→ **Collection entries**

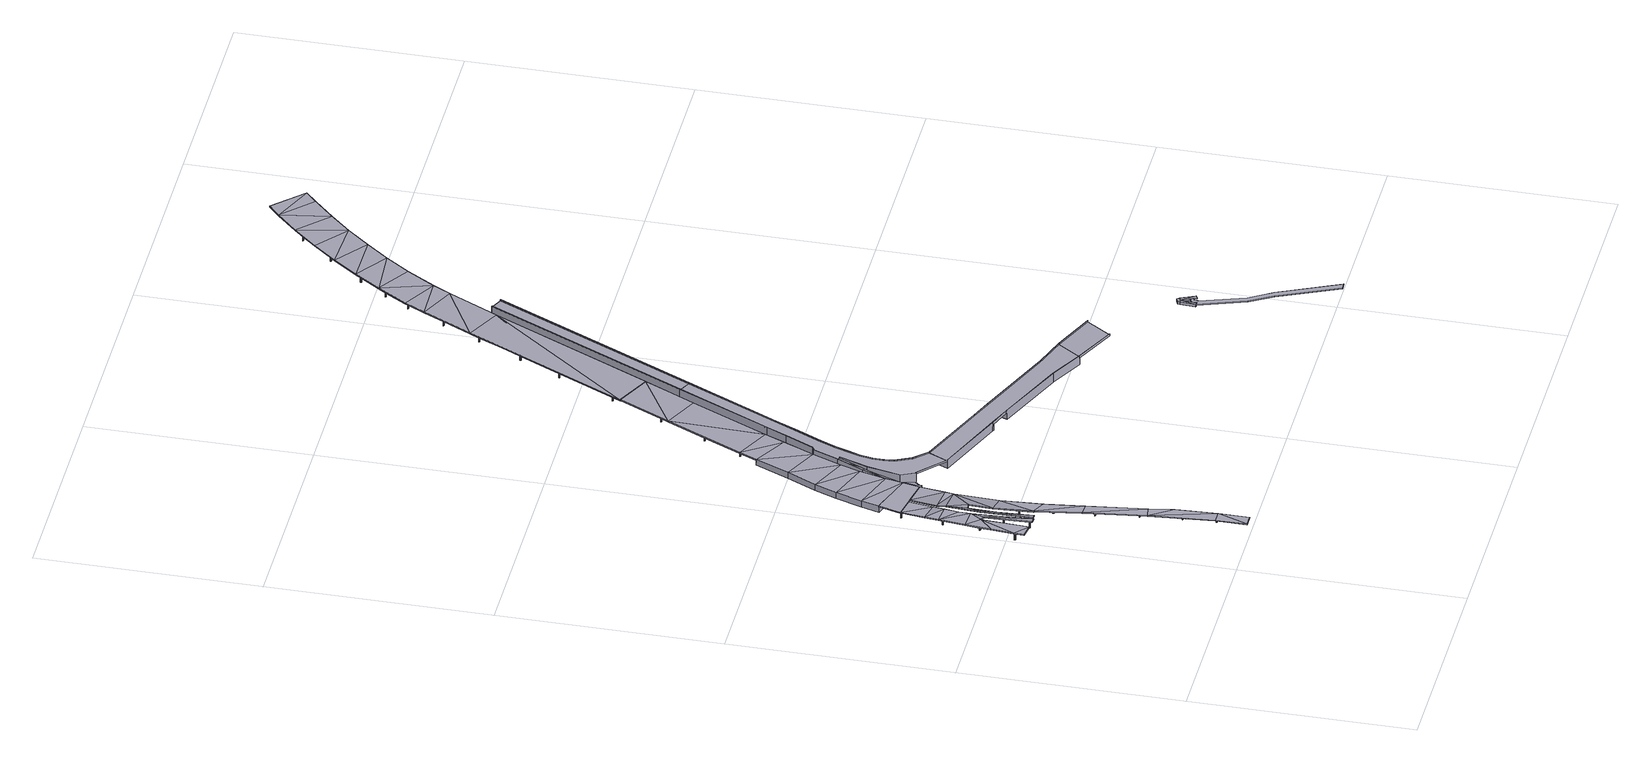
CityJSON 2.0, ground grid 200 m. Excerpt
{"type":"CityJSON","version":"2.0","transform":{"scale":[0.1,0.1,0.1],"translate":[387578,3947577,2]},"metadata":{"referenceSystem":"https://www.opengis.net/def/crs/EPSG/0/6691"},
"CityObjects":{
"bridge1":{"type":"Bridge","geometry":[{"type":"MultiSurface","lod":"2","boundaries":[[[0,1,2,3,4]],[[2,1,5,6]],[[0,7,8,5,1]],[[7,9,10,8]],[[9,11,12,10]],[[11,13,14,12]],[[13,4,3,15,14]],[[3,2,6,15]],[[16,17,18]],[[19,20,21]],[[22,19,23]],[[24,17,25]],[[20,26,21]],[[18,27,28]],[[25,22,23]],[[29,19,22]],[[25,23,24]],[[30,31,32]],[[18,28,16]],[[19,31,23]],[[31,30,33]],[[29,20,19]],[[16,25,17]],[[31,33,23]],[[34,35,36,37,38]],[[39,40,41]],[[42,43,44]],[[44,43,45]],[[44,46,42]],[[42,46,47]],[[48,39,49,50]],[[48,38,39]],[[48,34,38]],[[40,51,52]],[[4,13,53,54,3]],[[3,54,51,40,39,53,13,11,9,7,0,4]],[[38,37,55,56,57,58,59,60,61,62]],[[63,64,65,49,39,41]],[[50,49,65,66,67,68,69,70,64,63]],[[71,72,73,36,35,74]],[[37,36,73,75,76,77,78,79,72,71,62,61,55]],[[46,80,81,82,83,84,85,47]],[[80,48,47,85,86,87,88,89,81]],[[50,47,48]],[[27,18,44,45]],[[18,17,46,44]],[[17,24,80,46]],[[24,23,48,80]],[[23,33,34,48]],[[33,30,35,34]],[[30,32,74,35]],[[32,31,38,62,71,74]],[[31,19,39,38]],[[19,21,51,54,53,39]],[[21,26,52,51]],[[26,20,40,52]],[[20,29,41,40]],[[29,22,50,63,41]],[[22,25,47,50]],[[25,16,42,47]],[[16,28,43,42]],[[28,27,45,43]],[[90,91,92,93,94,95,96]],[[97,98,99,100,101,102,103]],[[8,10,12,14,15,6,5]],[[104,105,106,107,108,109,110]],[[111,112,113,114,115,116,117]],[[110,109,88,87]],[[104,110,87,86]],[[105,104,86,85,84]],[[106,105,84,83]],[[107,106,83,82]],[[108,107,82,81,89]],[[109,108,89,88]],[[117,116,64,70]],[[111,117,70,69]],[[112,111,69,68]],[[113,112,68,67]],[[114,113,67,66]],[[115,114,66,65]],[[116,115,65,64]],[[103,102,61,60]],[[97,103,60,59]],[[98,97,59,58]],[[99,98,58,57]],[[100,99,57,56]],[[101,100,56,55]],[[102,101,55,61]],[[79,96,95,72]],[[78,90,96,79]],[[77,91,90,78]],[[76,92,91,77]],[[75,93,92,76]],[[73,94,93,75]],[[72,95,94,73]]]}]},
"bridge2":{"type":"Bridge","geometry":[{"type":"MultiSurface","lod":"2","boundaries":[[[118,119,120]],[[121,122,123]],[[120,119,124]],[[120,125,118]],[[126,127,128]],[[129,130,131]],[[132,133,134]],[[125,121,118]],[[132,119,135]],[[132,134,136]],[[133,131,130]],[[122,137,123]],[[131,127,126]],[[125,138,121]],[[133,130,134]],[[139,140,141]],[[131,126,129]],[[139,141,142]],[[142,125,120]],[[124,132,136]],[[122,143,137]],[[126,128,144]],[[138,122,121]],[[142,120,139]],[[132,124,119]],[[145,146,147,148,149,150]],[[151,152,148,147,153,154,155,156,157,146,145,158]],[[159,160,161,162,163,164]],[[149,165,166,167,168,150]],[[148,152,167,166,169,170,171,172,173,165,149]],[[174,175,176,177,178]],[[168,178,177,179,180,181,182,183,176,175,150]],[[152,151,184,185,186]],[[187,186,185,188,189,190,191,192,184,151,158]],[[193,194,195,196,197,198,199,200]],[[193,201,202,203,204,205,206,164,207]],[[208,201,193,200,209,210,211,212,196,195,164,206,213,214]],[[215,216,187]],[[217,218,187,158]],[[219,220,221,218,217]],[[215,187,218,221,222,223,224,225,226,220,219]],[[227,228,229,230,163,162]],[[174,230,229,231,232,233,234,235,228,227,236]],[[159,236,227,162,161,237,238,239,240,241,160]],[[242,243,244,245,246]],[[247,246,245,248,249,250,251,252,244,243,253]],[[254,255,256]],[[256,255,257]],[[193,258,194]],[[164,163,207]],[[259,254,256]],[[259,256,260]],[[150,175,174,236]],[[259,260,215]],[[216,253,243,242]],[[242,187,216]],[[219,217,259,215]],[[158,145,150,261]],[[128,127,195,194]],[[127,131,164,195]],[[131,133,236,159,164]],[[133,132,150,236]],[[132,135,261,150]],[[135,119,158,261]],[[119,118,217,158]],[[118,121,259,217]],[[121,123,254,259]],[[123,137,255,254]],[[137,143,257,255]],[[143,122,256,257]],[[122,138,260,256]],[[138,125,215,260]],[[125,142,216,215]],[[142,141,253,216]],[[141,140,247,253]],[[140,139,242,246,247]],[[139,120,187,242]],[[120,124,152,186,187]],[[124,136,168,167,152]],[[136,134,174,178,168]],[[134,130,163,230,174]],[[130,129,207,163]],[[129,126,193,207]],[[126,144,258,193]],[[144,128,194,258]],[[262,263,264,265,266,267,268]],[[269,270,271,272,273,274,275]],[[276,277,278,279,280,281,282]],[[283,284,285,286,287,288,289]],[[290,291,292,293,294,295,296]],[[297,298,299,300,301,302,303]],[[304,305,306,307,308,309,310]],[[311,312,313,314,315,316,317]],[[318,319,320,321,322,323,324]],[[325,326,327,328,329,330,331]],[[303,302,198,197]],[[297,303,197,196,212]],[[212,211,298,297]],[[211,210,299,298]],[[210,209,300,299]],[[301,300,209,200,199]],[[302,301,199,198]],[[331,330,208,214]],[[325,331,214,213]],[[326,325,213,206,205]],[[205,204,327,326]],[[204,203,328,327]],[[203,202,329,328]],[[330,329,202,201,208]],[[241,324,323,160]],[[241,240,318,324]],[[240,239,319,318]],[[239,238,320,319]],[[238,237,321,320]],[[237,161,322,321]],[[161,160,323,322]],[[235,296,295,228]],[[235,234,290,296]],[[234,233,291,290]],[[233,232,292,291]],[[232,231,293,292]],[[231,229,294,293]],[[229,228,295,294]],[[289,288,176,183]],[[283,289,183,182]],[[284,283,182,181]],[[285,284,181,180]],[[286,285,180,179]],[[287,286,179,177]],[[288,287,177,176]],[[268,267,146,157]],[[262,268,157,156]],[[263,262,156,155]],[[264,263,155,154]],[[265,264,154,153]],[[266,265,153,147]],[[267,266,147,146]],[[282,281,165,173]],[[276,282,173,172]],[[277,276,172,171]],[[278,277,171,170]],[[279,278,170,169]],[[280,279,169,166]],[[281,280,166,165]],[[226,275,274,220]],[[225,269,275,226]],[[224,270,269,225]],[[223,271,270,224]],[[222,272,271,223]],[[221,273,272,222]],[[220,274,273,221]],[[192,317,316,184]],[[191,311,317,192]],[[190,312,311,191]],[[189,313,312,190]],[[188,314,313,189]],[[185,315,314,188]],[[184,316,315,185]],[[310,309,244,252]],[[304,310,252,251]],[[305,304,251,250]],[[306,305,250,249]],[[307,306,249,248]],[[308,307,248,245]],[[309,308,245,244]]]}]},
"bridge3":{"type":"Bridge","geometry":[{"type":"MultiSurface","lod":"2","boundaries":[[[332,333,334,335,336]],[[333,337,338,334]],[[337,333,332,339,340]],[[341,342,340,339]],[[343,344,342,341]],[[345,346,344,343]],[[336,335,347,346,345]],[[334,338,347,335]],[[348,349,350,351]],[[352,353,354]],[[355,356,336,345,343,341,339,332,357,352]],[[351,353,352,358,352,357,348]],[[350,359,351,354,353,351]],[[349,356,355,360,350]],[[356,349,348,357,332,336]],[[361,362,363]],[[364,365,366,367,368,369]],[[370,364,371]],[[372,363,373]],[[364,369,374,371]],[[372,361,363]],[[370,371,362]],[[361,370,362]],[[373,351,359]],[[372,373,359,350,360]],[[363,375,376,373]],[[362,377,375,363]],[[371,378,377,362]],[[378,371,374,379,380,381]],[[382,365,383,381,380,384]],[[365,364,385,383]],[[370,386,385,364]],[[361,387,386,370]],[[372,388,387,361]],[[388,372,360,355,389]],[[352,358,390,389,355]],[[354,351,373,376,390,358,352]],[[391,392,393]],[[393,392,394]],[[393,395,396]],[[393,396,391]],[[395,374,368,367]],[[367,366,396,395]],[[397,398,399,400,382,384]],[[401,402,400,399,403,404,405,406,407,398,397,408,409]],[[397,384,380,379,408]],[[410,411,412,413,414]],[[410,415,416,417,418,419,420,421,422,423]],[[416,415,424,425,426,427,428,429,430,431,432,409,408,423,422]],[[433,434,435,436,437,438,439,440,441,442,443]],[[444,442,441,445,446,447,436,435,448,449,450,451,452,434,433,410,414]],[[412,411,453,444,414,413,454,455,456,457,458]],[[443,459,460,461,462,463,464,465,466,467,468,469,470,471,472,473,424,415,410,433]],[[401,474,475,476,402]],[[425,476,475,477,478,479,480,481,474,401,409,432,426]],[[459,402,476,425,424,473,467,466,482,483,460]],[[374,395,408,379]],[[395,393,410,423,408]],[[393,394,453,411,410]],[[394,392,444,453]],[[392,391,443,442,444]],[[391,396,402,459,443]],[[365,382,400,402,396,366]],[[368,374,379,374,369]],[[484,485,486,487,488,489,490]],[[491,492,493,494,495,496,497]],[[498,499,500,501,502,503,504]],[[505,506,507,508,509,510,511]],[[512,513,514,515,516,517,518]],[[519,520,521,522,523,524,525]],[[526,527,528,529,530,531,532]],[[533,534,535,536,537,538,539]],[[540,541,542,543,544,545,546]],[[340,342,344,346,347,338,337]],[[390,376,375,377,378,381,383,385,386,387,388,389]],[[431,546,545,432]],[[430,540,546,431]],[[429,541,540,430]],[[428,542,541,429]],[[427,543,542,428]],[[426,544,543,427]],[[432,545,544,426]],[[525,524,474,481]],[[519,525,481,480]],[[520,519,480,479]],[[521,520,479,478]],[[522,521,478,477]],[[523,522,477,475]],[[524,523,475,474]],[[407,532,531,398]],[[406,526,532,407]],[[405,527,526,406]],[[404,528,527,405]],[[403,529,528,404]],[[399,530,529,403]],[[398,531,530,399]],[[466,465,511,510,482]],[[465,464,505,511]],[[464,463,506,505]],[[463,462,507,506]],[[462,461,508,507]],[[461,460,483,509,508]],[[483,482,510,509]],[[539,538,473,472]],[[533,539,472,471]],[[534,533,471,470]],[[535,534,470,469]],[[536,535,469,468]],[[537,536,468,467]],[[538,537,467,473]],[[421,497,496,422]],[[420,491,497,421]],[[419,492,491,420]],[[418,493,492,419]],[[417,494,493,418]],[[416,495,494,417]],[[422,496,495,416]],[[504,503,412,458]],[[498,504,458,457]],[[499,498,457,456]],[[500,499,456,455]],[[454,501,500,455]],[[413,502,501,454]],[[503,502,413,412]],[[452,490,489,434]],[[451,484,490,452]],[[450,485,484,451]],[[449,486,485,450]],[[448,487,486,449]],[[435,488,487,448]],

→ **Brief**
Search the entries above for the string "CityJSON". Copy each line that holds it.

→ **Result of this task**
CityJSON 2.0, ground grid 200 m. Excerpt
{"type":"CityJSON","version":"2.0","transform":{"scale":[0.1,0.1,0.1],"translate":[387578,3947577,2]},"metadata":{"referenceSystem":"https://www.opengis.net/def/crs/EPSG/0/6691"},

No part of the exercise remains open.